(SUPPLIED RECORDS)
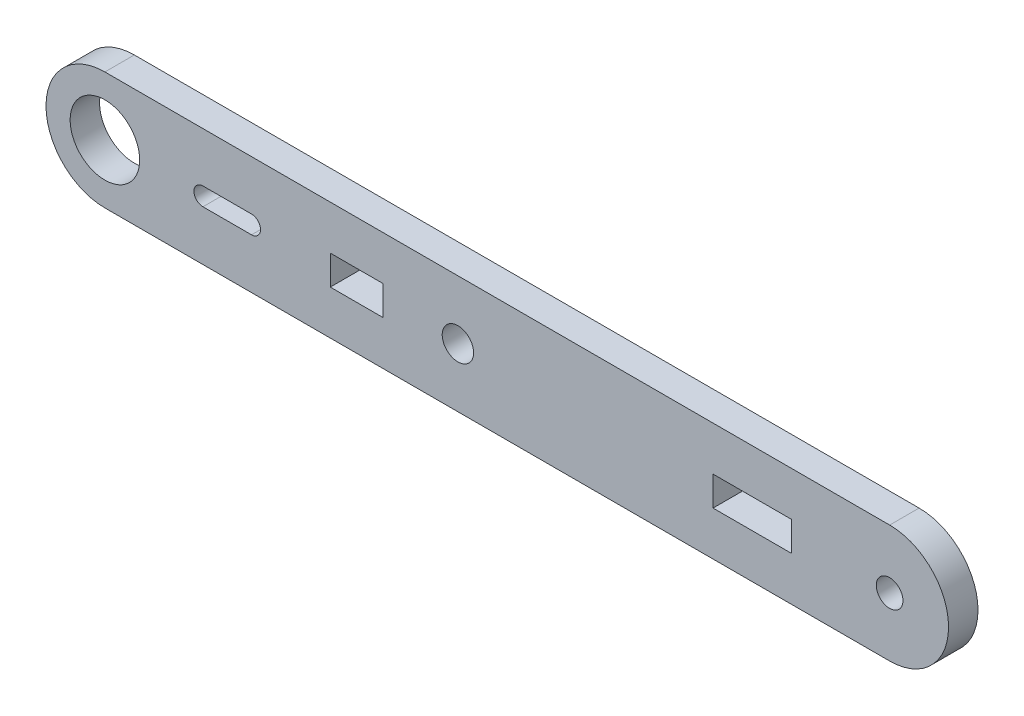
ISO-10303-21;
HEADER;
FILE_DESCRIPTION(('STEP AP214'),'2;1');
FILE_NAME('part.step','',(''),(''),'','','');
FILE_SCHEMA(('AUTOMOTIVE_DESIGN { 1 0 10303 214 1 1 1 1 }'));
ENDSEC;
DATA;
#1=APPLICATION_CONTEXT('core data for automotive mechanical design processes');
#2=APPLICATION_PROTOCOL_DEFINITION('international standard','automotive_design',2000,#1);
#3=PRODUCT_CONTEXT('',#1,'mechanical');
#4=PRODUCT('Part','Part','',(#3));
#5=PRODUCT_RELATED_PRODUCT_CATEGORY('part','',(#4));
#6=PRODUCT_DEFINITION_FORMATION('','',#4);
#7=PRODUCT_DEFINITION_CONTEXT('part definition',#1,'design');
#8=PRODUCT_DEFINITION('design','',#6,#7);
#9=PRODUCT_DEFINITION_SHAPE('','',#8);
#10=(LENGTH_UNIT() NAMED_UNIT(*) SI_UNIT(.MILLI.,.METRE.));
#11=(NAMED_UNIT(*) PLANE_ANGLE_UNIT() SI_UNIT($,.RADIAN.));
#12=(NAMED_UNIT(*) SI_UNIT($,.STERADIAN.) SOLID_ANGLE_UNIT());
#13=UNCERTAINTY_MEASURE_WITH_UNIT(LENGTH_MEASURE(1.E-05),#10,'distance_accuracy_value','');
#14=(GEOMETRIC_REPRESENTATION_CONTEXT(3) GLOBAL_UNCERTAINTY_ASSIGNED_CONTEXT((#13)) GLOBAL_UNIT_ASSIGNED_CONTEXT((#10,
#11,#12)) REPRESENTATION_CONTEXT('',''));
#15=CARTESIAN_POINT('',(0.,0.,0.));
#16=DIRECTION('',(0.,0.,1.));
#17=DIRECTION('',(1.,0.,0.));
#18=AXIS2_PLACEMENT_3D('',#15,#16,#17);
#19=CARTESIAN_POINT('',(30.6181719329405,6.,0.));
#20=DIRECTION('',(0.,0.,1.));
#21=DIRECTION('',(1.,0.,0.));
#22=AXIS2_PLACEMENT_3D('',#19,#20,#21);
#23=CYLINDRICAL_SURFACE('',#22,6.);
#24=CARTESIAN_POINT('',(30.6181719329405,6.,3.));
#25=DIRECTION('',(0.,0.,1.));
#26=DIRECTION('',(1.,0.,0.));
#27=AXIS2_PLACEMENT_3D('',#24,#25,#26);
#28=CIRCLE('',#27,6.);
#29=CARTESIAN_POINT('',(30.6181719329405,0.,3.));
#30=VERTEX_POINT('',#29);
#31=CARTESIAN_POINT('',(30.6181719329405,12.,3.));
#32=VERTEX_POINT('',#31);
#33=EDGE_CURVE('E300',#30,#32,#28,.T.);
#34=ORIENTED_EDGE('',*,*,#33,.F.);
#35=DIRECTION('',(0.,0.,1.));
#36=VECTOR('',#35,1.);
#37=CARTESIAN_POINT('',(30.6181719329405,0.,0.));
#38=LINE('',#37,#36);
#39=CARTESIAN_POINT('',(30.6181719329405,0.,0.));
#40=VERTEX_POINT('',#39);
#41=EDGE_CURVE('E11',#40,#30,#38,.T.);
#42=ORIENTED_EDGE('',*,*,#41,.F.);
#43=CARTESIAN_POINT('',(30.6181719329405,6.,0.));
#44=DIRECTION('',(0.,0.,1.));
#45=DIRECTION('',(1.,0.,0.));
#46=AXIS2_PLACEMENT_3D('',#43,#44,#45);
#47=CIRCLE('',#46,6.);
#48=CARTESIAN_POINT('',(30.6181719329405,12.,0.));
#49=VERTEX_POINT('',#48);
#50=EDGE_CURVE('E310',#40,#49,#47,.T.);
#51=ORIENTED_EDGE('',*,*,#50,.T.);
#52=DIRECTION('',(0.,0.,1.));
#53=VECTOR('',#52,1.);
#54=CARTESIAN_POINT('',(30.6181719329405,12.,0.));
#55=LINE('',#54,#53);
#56=EDGE_CURVE('E42',#49,#32,#55,.T.);
#57=ORIENTED_EDGE('',*,*,#56,.T.);
#58=EDGE_LOOP('',(#34,#42,#51,#57));
#59=FACE_BOUND('',#58,.T.);
#60=ADVANCED_FACE('F39',(#59),#23,.T.);
#61=CARTESIAN_POINT('',(-49.3435107871291,0.,0.));
#62=DIRECTION('',(0.,-1.,0.));
#63=DIRECTION('',(0.,0.,-1.));
#64=AXIS2_PLACEMENT_3D('',#61,#62,#63);
#65=PLANE('',#64);
#66=DIRECTION('',(1.,0.,0.));
#67=VECTOR('',#66,1.);
#68=CARTESIAN_POINT('',(-49.3435107871291,0.,3.));
#69=LINE('',#68,#67);
#70=CARTESIAN_POINT('',(-49.3435107871291,0.,3.));
#71=VERTEX_POINT('',#70);
#72=EDGE_CURVE('E315',#71,#30,#69,.T.);
#73=ORIENTED_EDGE('',*,*,#72,.F.);
#74=DIRECTION('',(0.,0.,1.));
#75=VECTOR('',#74,1.);
#76=CARTESIAN_POINT('',(-49.3435107871291,0.,0.));
#77=LINE('',#76,#75);
#78=CARTESIAN_POINT('',(-49.3435107871291,0.,0.));
#79=VERTEX_POINT('',#78);
#80=EDGE_CURVE('E48',#79,#71,#77,.T.);
#81=ORIENTED_EDGE('',*,*,#80,.F.);
#82=DIRECTION('',(1.,0.,0.));
#83=VECTOR('',#82,1.);
#84=CARTESIAN_POINT('',(-49.3435107871291,0.,0.));
#85=LINE('',#84,#83);
#86=EDGE_CURVE('E323',#79,#40,#85,.T.);
#87=ORIENTED_EDGE('',*,*,#86,.T.);
#88=ORIENTED_EDGE('',*,*,#41,.T.);
#89=EDGE_LOOP('',(#73,#81,#87,#88));
#90=FACE_BOUND('',#89,.T.);
#91=ADVANCED_FACE('F357',(#90),#65,.T.);
#92=CARTESIAN_POINT('',(-49.3435107871291,6.,0.));
#93=DIRECTION('',(0.,0.,1.));
#94=DIRECTION('',(1.,0.,0.));
#95=AXIS2_PLACEMENT_3D('',#92,#93,#94);
#96=CYLINDRICAL_SURFACE('',#95,6.);
#97=CARTESIAN_POINT('',(-49.3435107871291,6.,3.));
#98=DIRECTION('',(0.,0.,1.));
#99=DIRECTION('',(1.,0.,0.));
#100=AXIS2_PLACEMENT_3D('',#97,#98,#99);
#101=CIRCLE('',#100,6.);
#102=CARTESIAN_POINT('',(-49.3435107871291,12.,3.));
#103=VERTEX_POINT('',#102);
#104=EDGE_CURVE('E334',#103,#71,#101,.T.);
#105=ORIENTED_EDGE('',*,*,#104,.F.);
#106=DIRECTION('',(0.,0.,1.));
#107=VECTOR('',#106,1.);
#108=CARTESIAN_POINT('',(-49.3435107871291,12.,0.));
#109=LINE('',#108,#107);
#110=CARTESIAN_POINT('',(-49.3435107871291,12.,0.));
#111=VERTEX_POINT('',#110);
#112=EDGE_CURVE('E342',#111,#103,#109,.T.);
#113=ORIENTED_EDGE('',*,*,#112,.F.);
#114=CARTESIAN_POINT('',(-49.3435107871291,6.,0.));
#115=DIRECTION('',(0.,0.,1.));
#116=DIRECTION('',(1.,0.,0.));
#117=AXIS2_PLACEMENT_3D('',#114,#115,#116);
#118=CIRCLE('',#117,6.);
#119=EDGE_CURVE('E319',#111,#79,#118,.T.);
#120=ORIENTED_EDGE('',*,*,#119,.T.);
#121=ORIENTED_EDGE('',*,*,#80,.T.);
#122=EDGE_LOOP('',(#105,#113,#120,#121));
#123=FACE_BOUND('',#122,.T.);
#124=ADVANCED_FACE('F362',(#123),#96,.T.);
#125=CARTESIAN_POINT('',(30.6181719329405,12.,0.));
#126=DIRECTION('',(0.,1.,0.));
#127=DIRECTION('',(0.,0.,1.));
#128=AXIS2_PLACEMENT_3D('',#125,#126,#127);
#129=PLANE('',#128);
#130=DIRECTION('',(-1.,0.,0.));
#131=VECTOR('',#130,1.);
#132=CARTESIAN_POINT('',(30.6181719329405,12.,3.));
#133=LINE('',#132,#131);
#134=EDGE_CURVE('E330',#32,#103,#133,.T.);
#135=ORIENTED_EDGE('',*,*,#134,.F.);
#136=ORIENTED_EDGE('',*,*,#56,.F.);
#137=DIRECTION('',(-1.,0.,0.));
#138=VECTOR('',#137,1.);
#139=CARTESIAN_POINT('',(30.6181719329405,12.,0.));
#140=LINE('',#139,#138);
#141=EDGE_CURVE('E314',#49,#111,#140,.T.);
#142=ORIENTED_EDGE('',*,*,#141,.T.);
#143=ORIENTED_EDGE('',*,*,#112,.T.);
#144=EDGE_LOOP('',(#135,#136,#142,#143));
#145=FACE_BOUND('',#144,.T.);
#146=ADVANCED_FACE('F352',(#145),#129,.T.);
#147=CARTESIAN_POINT('',(30.6181719329405,6.,0.));
#148=DIRECTION('',(0.,0.,1.));
#149=DIRECTION('',(1.,0.,0.));
#150=AXIS2_PLACEMENT_3D('',#147,#148,#149);
#151=PLANE('',#150);
#152=CARTESIAN_POINT('',(-13.3753433024024,6.0002,0.));
#153=DIRECTION('',(0.,0.,1.));
#154=DIRECTION('',(1.,0.,0.));
#155=AXIS2_PLACEMENT_3D('',#152,#153,#154);
#156=CIRCLE('',#155,1.6);
#157=CARTESIAN_POINT('',(-11.7753433024024,6.0002,0.));
#158=VERTEX_POINT('',#157);
#159=EDGE_CURVE('E191',#158,#158,#156,.T.);
#160=ORIENTED_EDGE('',*,*,#159,.T.);
#161=EDGE_LOOP('',(#160));
#162=FACE_BOUND('',#161,.T.);
#163=DIRECTION('',(1.,0.,0.));
#164=VECTOR('',#163,1.);
#165=CARTESIAN_POINT('',(-34.4047390861018,5.1001,0.));
#166=LINE('',#165,#164);
#167=CARTESIAN_POINT('',(-39.3523475187029,5.10009999999999,0.));
#168=VERTEX_POINT('',#167);
#169=CARTESIAN_POINT('',(-34.4047390861018,5.1001,0.));
#170=VERTEX_POINT('',#169);
#171=EDGE_CURVE('E162',#168,#170,#166,.T.);
#172=ORIENTED_EDGE('',*,*,#171,.T.);
#173=CARTESIAN_POINT('',(-34.4047390861018,6.01717646772261,0.));
#174=DIRECTION('',(0.,0.,1.));
#175=DIRECTION('',(-1.,0.,0.));
#176=AXIS2_PLACEMENT_3D('',#173,#174,#175);
#177=CIRCLE('',#176,0.917076467722615);
#178=CARTESIAN_POINT('',(-34.4047390861018,6.93425293544523,0.));
#179=VERTEX_POINT('',#178);
#180=EDGE_CURVE('E155',#170,#179,#177,.T.);
#181=ORIENTED_EDGE('',*,*,#180,.T.);
#182=DIRECTION('',(-1.,0.,0.));
#183=VECTOR('',#182,1.);
#184=CARTESIAN_POINT('',(-39.3523475187029,6.93425293544523,0.));
#185=LINE('',#184,#183);
#186=CARTESIAN_POINT('',(-39.3523475187029,6.93425293544523,0.));
#187=VERTEX_POINT('',#186);
#188=EDGE_CURVE('E165',#179,#187,#185,.T.);
#189=ORIENTED_EDGE('',*,*,#188,.T.);
#190=CARTESIAN_POINT('',(-39.3523475187029,6.01717646772261,0.));
#191=DIRECTION('',(0.,0.,1.));
#192=DIRECTION('',(-1.,0.,0.));
#193=AXIS2_PLACEMENT_3D('',#190,#191,#192);
#194=CIRCLE('',#193,0.917076467722618);
#195=EDGE_CURVE('E56',#187,#168,#194,.T.);
#196=ORIENTED_EDGE('',*,*,#195,.T.);
#197=EDGE_LOOP('',(#172,#181,#189,#196));
#198=FACE_BOUND('',#197,.T.);
#199=CARTESIAN_POINT('',(-49.3435107871291,6.,0.));
#200=DIRECTION('',(0.,0.,1.));
#201=DIRECTION('',(-1.,0.,0.));
#202=AXIS2_PLACEMENT_3D('',#199,#200,#201);
#203=CIRCLE('',#202,3.54382579565862);
#204=CARTESIAN_POINT('',(-52.8873365827877,6.,0.));
#205=VERTEX_POINT('',#204);
#206=EDGE_CURVE('E206',#205,#205,#203,.T.);
#207=ORIENTED_EDGE('',*,*,#206,.T.);
#208=EDGE_LOOP('',(#207));
#209=FACE_BOUND('',#208,.T.);
#210=CARTESIAN_POINT('',(30.6116066975977,6.0001,0.));
#211=DIRECTION('',(0.,0.,1.));
#212=DIRECTION('',(-1.,0.,0.));
#213=AXIS2_PLACEMENT_3D('',#210,#211,#212);
#214=CIRCLE('',#213,1.35759106374035);
#215=CARTESIAN_POINT('',(29.2540156338573,6.0001,0.));
#216=VERTEX_POINT('',#215);
#217=EDGE_CURVE('E214',#216,#216,#214,.T.);
#218=ORIENTED_EDGE('',*,*,#217,.T.);
#219=EDGE_LOOP('',(#218));
#220=FACE_BOUND('',#219,.T.);
#221=DIRECTION('',(-1.,0.,0.));
#222=VECTOR('',#221,1.);
#223=CARTESIAN_POINT('',(12.6221066975976,7.4995,0.));
#224=LINE('',#223,#222);
#225=CARTESIAN_POINT('',(20.6213066975977,7.4995,0.));
#226=VERTEX_POINT('',#225);
#227=CARTESIAN_POINT('',(12.6221066975976,7.4995,0.));
#228=VERTEX_POINT('',#227);
#229=EDGE_CURVE('E235',#226,#228,#224,.T.);
#230=ORIENTED_EDGE('',*,*,#229,.T.);
#231=DIRECTION('',(0.,-1.,0.));
#232=VECTOR('',#231,1.);
#233=CARTESIAN_POINT('',(12.6221066975976,4.4994,0.));
#234=LINE('',#233,#232);
#235=CARTESIAN_POINT('',(12.6221066975976,4.4994,0.));
#236=VERTEX_POINT('',#235);
#237=EDGE_CURVE('E222',#228,#236,#234,.T.);
#238=ORIENTED_EDGE('',*,*,#237,.T.);
#239=DIRECTION('',(1.,0.,0.));
#240=VECTOR('',#239,1.);
#241=CARTESIAN_POINT('',(20.6213066975977,4.4994,0.));
#242=LINE('',#241,#240);
#243=CARTESIAN_POINT('',(20.6213066975977,4.4994,0.));
#244=VERTEX_POINT('',#243);
#245=EDGE_CURVE('E226',#236,#244,#242,.T.);
#246=ORIENTED_EDGE('',*,*,#245,.T.);
#247=DIRECTION('',(0.,1.,0.));
#248=VECTOR('',#247,1.);
#249=CARTESIAN_POINT('',(20.6213066975977,7.4995,0.));
#250=LINE('',#249,#248);
#251=EDGE_CURVE('E231',#244,#226,#250,.T.);
#252=ORIENTED_EDGE('',*,*,#251,.T.);
#253=EDGE_LOOP('',(#230,#238,#246,#252));
#254=FACE_BOUND('',#253,.T.);
#255=DIRECTION('',(-1.,0.,0.));
#256=VECTOR('',#255,1.);
#257=CARTESIAN_POINT('',(-26.3777933024023,7.4995,0.));
#258=LINE('',#257,#256);
#259=CARTESIAN_POINT('',(-21.0049933024024,7.4995,0.));
#260=VERTEX_POINT('',#259);
#261=CARTESIAN_POINT('',(-26.3777933024023,7.4995,0.));
#262=VERTEX_POINT('',#261);
#263=EDGE_CURVE('E279',#260,#262,#258,.T.);
#264=ORIENTED_EDGE('',*,*,#263,.T.);
#265=DIRECTION('',(0.,-1.,0.));
#266=VECTOR('',#265,1.);
#267=CARTESIAN_POINT('',(-26.3777933024023,4.4994,0.));
#268=LINE('',#267,#266);
#269=CARTESIAN_POINT('',(-26.3777933024023,4.4994,0.));
#270=VERTEX_POINT('',#269);
#271=EDGE_CURVE('E266',#262,#270,#268,.T.);
#272=ORIENTED_EDGE('',*,*,#271,.T.);
#273=DIRECTION('',(1.,0.,0.));
#274=VECTOR('',#273,1.);
#275=CARTESIAN_POINT('',(-21.0049933024024,4.4994,0.));
#276=LINE('',#275,#274);
#277=CARTESIAN_POINT('',(-21.0049933024024,4.4994,0.));
#278=VERTEX_POINT('',#277);
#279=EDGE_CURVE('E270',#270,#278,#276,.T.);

(ASSIGNED TASK)
Only one stretch of the entries above is wanted: the lines from the one containing "#19=CARTESIAN_POINT('',(30.6181719329405,6.,0.));" through the one containing "#78=CARTESIAN_POINT('',(-49.3435107871291,0.,0.));". Please reproduce it exactly.

(SOLUTION FOR THIS EXERCISE)
#19=CARTESIAN_POINT('',(30.6181719329405,6.,0.));
#20=DIRECTION('',(0.,0.,1.));
#21=DIRECTION('',(1.,0.,0.));
#22=AXIS2_PLACEMENT_3D('',#19,#20,#21);
#23=CYLINDRICAL_SURFACE('',#22,6.);
#24=CARTESIAN_POINT('',(30.6181719329405,6.,3.));
#25=DIRECTION('',(0.,0.,1.));
#26=DIRECTION('',(1.,0.,0.));
#27=AXIS2_PLACEMENT_3D('',#24,#25,#26);
#28=CIRCLE('',#27,6.);
#29=CARTESIAN_POINT('',(30.6181719329405,0.,3.));
#30=VERTEX_POINT('',#29);
#31=CARTESIAN_POINT('',(30.6181719329405,12.,3.));
#32=VERTEX_POINT('',#31);
#33=EDGE_CURVE('E300',#30,#32,#28,.T.);
#34=ORIENTED_EDGE('',*,*,#33,.F.);
#35=DIRECTION('',(0.,0.,1.));
#36=VECTOR('',#35,1.);
#37=CARTESIAN_POINT('',(30.6181719329405,0.,0.));
#38=LINE('',#37,#36);
#39=CARTESIAN_POINT('',(30.6181719329405,0.,0.));
#40=VERTEX_POINT('',#39);
#41=EDGE_CURVE('E11',#40,#30,#38,.T.);
#42=ORIENTED_EDGE('',*,*,#41,.F.);
#43=CARTESIAN_POINT('',(30.6181719329405,6.,0.));
#44=DIRECTION('',(0.,0.,1.));
#45=DIRECTION('',(1.,0.,0.));
#46=AXIS2_PLACEMENT_3D('',#43,#44,#45);
#47=CIRCLE('',#46,6.);
#48=CARTESIAN_POINT('',(30.6181719329405,12.,0.));
#49=VERTEX_POINT('',#48);
#50=EDGE_CURVE('E310',#40,#49,#47,.T.);
#51=ORIENTED_EDGE('',*,*,#50,.T.);
#52=DIRECTION('',(0.,0.,1.));
#53=VECTOR('',#52,1.);
#54=CARTESIAN_POINT('',(30.6181719329405,12.,0.));
#55=LINE('',#54,#53);
#56=EDGE_CURVE('E42',#49,#32,#55,.T.);
#57=ORIENTED_EDGE('',*,*,#56,.T.);
#58=EDGE_LOOP('',(#34,#42,#51,#57));
#59=FACE_BOUND('',#58,.T.);
#60=ADVANCED_FACE('F39',(#59),#23,.T.);
#61=CARTESIAN_POINT('',(-49.3435107871291,0.,0.));
#62=DIRECTION('',(0.,-1.,0.));
#63=DIRECTION('',(0.,0.,-1.));
#64=AXIS2_PLACEMENT_3D('',#61,#62,#63);
#65=PLANE('',#64);
#66=DIRECTION('',(1.,0.,0.));
#67=VECTOR('',#66,1.);
#68=CARTESIAN_POINT('',(-49.3435107871291,0.,3.));
#69=LINE('',#68,#67);
#70=CARTESIAN_POINT('',(-49.3435107871291,0.,3.));
#71=VERTEX_POINT('',#70);
#72=EDGE_CURVE('E315',#71,#30,#69,.T.);
#73=ORIENTED_EDGE('',*,*,#72,.F.);
#74=DIRECTION('',(0.,0.,1.));
#75=VECTOR('',#74,1.);
#76=CARTESIAN_POINT('',(-49.3435107871291,0.,0.));
#77=LINE('',#76,#75);
#78=CARTESIAN_POINT('',(-49.3435107871291,0.,0.));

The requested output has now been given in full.